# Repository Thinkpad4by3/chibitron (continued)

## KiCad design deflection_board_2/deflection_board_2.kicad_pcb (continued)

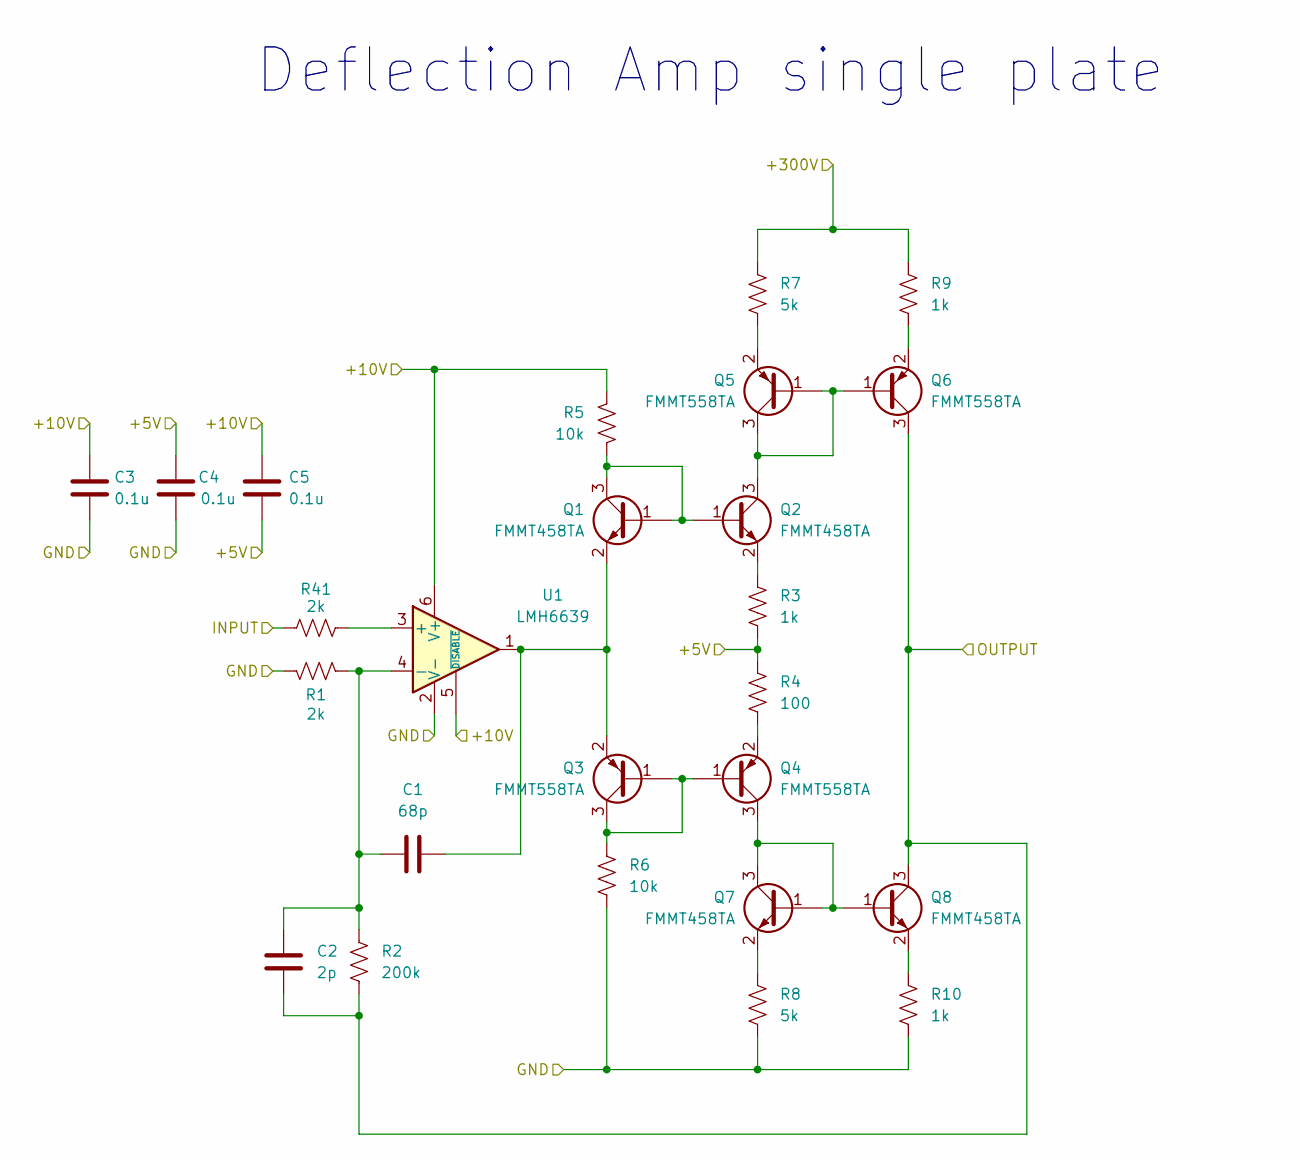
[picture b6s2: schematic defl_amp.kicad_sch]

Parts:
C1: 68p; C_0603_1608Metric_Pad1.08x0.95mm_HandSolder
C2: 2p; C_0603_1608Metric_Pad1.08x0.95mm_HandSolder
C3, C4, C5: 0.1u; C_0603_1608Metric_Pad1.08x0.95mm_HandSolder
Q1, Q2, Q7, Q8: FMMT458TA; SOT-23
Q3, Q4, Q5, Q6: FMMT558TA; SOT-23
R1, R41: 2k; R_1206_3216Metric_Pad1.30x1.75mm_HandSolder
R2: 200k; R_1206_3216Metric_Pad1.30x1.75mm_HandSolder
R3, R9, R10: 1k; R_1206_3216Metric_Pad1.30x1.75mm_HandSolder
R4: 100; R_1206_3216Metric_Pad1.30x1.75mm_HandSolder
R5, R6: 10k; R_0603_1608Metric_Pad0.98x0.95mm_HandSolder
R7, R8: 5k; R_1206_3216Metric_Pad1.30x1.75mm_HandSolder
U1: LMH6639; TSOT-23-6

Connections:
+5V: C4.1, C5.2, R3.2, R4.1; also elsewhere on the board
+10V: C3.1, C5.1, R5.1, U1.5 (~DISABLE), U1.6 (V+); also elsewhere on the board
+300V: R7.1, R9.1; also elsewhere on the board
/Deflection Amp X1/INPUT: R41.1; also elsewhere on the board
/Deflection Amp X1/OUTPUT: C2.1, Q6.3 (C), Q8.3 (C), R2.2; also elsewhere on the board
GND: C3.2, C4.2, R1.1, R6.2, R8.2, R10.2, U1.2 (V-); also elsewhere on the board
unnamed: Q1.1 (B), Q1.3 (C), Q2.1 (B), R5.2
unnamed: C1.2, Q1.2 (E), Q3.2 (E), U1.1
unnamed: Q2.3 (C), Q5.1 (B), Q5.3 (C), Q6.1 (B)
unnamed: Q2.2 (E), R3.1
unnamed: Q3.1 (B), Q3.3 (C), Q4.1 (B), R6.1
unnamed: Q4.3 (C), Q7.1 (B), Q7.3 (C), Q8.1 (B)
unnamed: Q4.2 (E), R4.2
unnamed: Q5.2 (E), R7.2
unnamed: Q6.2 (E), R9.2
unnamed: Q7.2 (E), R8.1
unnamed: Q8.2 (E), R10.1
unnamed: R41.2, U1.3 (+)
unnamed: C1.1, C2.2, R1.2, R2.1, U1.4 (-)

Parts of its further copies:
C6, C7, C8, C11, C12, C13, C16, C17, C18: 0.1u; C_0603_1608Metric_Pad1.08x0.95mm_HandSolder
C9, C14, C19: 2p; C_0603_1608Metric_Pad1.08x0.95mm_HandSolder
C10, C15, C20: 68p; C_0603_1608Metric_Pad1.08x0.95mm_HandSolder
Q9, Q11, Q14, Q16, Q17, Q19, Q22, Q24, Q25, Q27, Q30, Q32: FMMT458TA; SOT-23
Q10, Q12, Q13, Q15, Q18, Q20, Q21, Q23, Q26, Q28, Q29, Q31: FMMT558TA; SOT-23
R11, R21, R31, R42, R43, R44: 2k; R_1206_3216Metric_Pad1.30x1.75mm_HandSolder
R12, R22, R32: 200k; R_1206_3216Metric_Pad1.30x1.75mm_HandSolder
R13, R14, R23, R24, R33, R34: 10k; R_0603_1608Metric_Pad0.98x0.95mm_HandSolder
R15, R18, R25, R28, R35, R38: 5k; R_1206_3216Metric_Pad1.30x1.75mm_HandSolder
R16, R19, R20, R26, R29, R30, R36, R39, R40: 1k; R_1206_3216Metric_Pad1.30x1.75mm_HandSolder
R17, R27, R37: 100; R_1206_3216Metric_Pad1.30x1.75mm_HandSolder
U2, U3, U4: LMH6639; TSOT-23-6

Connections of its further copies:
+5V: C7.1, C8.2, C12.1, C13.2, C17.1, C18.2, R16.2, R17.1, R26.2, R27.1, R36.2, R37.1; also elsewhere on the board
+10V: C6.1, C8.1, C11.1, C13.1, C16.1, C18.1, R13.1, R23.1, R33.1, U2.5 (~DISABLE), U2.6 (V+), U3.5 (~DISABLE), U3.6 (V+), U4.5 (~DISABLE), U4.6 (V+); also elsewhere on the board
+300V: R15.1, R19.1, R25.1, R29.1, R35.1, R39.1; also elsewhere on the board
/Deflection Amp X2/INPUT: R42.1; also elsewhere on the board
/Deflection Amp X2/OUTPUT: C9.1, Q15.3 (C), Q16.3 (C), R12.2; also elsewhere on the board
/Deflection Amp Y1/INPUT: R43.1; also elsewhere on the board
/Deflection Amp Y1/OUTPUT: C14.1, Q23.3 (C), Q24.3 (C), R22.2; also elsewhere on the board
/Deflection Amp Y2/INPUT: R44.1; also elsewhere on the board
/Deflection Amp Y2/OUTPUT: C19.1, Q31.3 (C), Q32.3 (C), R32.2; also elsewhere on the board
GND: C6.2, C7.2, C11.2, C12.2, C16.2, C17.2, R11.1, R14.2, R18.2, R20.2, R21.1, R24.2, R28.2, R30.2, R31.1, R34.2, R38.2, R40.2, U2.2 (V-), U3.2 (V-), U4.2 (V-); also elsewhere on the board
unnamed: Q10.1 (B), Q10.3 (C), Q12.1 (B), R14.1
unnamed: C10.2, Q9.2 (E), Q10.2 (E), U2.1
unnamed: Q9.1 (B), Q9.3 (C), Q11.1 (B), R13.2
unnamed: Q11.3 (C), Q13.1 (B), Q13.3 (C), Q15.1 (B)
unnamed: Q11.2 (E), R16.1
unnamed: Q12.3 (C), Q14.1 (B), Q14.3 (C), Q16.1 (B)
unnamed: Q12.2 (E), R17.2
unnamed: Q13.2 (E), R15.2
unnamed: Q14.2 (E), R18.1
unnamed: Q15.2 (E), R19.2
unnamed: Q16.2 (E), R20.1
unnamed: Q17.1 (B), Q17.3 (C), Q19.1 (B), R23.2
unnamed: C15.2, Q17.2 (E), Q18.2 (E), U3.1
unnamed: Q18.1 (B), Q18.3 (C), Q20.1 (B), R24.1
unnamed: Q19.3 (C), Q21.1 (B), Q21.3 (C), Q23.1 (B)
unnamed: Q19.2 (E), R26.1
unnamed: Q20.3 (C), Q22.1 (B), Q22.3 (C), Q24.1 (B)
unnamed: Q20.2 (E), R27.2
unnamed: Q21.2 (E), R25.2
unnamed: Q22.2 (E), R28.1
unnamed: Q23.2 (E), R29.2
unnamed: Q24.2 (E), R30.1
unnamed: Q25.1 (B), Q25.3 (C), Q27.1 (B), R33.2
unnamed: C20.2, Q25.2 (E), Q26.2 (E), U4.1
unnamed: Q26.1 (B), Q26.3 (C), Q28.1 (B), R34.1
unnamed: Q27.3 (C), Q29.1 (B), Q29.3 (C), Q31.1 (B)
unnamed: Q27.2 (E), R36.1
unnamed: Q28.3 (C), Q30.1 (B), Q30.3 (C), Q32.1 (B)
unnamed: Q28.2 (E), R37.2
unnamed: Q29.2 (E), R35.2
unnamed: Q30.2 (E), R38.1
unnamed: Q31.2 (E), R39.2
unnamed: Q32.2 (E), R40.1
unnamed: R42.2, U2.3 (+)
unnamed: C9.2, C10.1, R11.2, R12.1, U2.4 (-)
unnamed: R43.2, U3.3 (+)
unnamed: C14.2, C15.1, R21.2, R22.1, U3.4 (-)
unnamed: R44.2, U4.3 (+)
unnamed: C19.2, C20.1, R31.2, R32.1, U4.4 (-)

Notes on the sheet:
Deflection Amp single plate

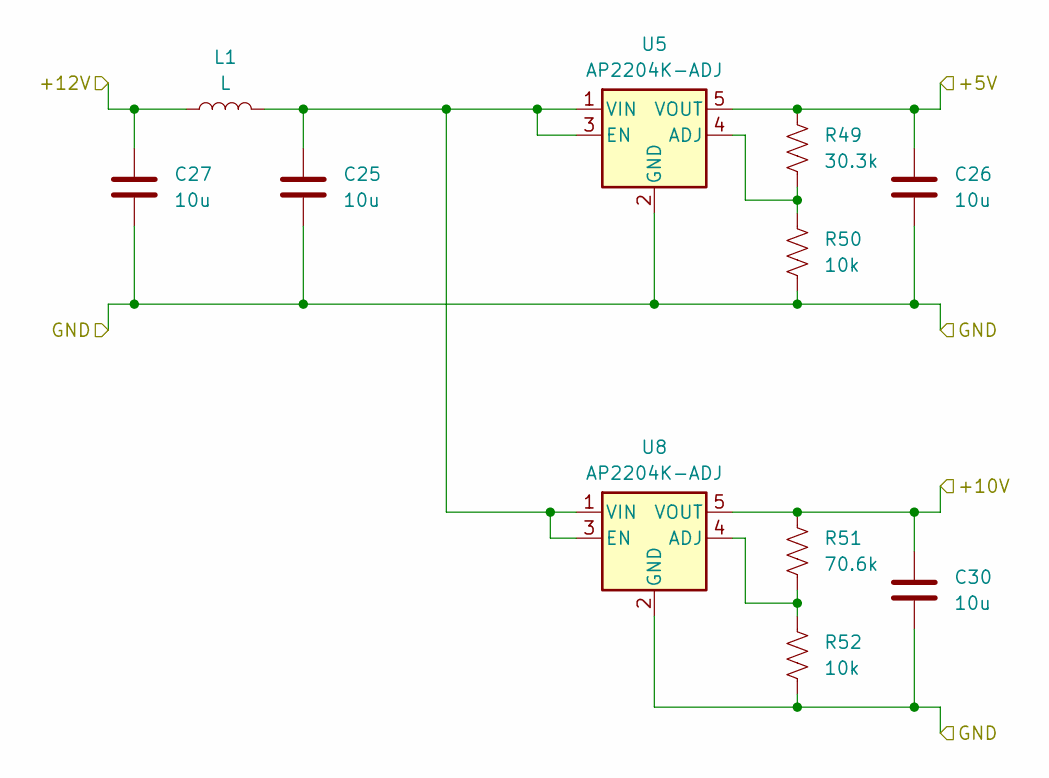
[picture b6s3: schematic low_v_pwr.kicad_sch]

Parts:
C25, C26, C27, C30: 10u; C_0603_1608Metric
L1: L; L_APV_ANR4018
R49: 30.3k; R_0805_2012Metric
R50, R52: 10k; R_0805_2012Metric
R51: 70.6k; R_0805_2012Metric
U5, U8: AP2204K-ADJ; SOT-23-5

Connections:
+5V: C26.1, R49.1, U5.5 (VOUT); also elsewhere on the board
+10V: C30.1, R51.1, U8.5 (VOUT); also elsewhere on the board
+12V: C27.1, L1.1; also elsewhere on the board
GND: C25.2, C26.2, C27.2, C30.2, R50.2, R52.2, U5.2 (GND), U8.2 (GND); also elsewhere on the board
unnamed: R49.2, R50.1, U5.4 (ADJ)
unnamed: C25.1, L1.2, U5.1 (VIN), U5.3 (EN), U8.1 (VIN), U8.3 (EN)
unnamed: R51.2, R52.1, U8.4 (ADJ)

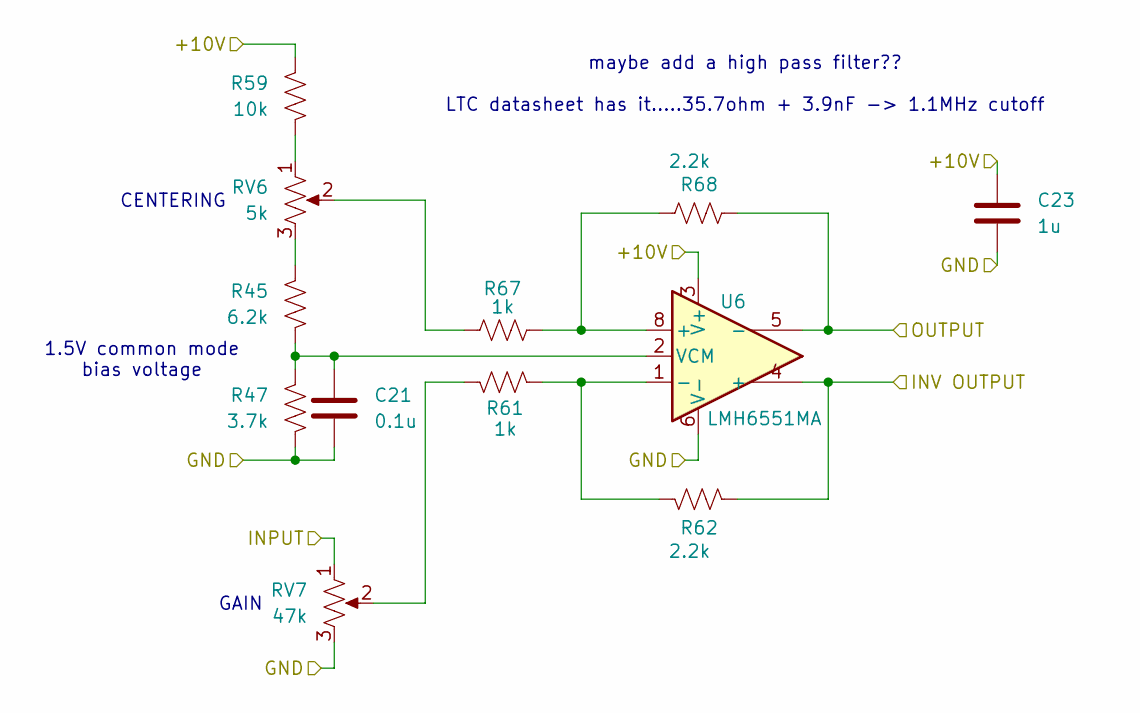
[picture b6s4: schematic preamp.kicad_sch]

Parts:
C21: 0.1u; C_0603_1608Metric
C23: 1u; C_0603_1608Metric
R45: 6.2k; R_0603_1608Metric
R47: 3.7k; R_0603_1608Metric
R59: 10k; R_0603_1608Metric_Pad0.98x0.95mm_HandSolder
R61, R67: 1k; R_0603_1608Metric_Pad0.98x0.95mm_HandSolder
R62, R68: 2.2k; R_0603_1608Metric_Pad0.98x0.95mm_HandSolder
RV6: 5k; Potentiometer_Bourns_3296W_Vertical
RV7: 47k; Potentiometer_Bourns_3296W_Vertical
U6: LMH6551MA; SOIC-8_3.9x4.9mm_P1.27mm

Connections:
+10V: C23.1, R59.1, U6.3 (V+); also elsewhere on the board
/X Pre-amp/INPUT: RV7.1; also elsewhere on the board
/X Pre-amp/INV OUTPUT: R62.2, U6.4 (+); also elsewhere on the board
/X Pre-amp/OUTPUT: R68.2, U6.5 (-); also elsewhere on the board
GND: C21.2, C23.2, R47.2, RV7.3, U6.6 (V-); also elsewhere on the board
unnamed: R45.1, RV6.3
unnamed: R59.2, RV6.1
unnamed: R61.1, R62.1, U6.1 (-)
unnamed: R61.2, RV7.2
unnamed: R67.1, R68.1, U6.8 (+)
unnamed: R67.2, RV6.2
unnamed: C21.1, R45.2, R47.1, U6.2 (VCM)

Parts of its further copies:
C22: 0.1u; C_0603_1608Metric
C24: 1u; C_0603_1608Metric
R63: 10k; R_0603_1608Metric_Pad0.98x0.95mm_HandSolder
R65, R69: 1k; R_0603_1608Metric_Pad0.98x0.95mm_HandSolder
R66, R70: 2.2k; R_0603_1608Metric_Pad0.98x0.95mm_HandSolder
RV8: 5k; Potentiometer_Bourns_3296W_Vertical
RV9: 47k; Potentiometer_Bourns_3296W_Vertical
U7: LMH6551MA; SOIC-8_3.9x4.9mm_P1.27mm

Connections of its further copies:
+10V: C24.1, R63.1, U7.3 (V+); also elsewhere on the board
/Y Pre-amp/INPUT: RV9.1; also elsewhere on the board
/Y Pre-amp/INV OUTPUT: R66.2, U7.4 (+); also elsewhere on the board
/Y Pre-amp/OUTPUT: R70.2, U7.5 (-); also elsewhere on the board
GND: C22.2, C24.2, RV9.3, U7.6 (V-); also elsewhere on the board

→ **TASK DESCRIPTION**
Starting from the line that contains "GND: C21.2, C23.2, R47.2, RV7.3, U6.6", transcribe each line to the end of the records above. Please add nothing.

→ **REPLY TO THE TASK**
GND: C21.2, C23.2, R47.2, RV7.3, U6.6 (V-); also elsewhere on the board
unnamed: R45.1, RV6.3
unnamed: R59.2, RV6.1
unnamed: R61.1, R62.1, U6.1 (-)
unnamed: R61.2, RV7.2
unnamed: R67.1, R68.1, U6.8 (+)
unnamed: R67.2, RV6.2
unnamed: C21.1, R45.2, R47.1, U6.2 (VCM)

Parts of its further copies:
C22: 0.1u; C_0603_1608Metric
C24: 1u; C_0603_1608Metric
R63: 10k; R_0603_1608Metric_Pad0.98x0.95mm_HandSolder
R65, R69: 1k; R_0603_1608Metric_Pad0.98x0.95mm_HandSolder
R66, R70: 2.2k; R_0603_1608Metric_Pad0.98x0.95mm_HandSolder
RV8: 5k; Potentiometer_Bourns_3296W_Vertical
RV9: 47k; Potentiometer_Bourns_3296W_Vertical
U7: LMH6551MA; SOIC-8_3.9x4.9mm_P1.27mm

Connections of its further copies:
+10V: C24.1, R63.1, U7.3 (V+); also elsewhere on the board
/Y Pre-amp/INPUT: RV9.1; also elsewhere on the board
/Y Pre-amp/INV OUTPUT: R66.2, U7.4 (+); also elsewhere on the board
/Y Pre-amp/OUTPUT: R70.2, U7.5 (-); also elsewhere on the board
GND: C22.2, C24.2, RV9.3, U7.6 (V-); also elsewhere on the board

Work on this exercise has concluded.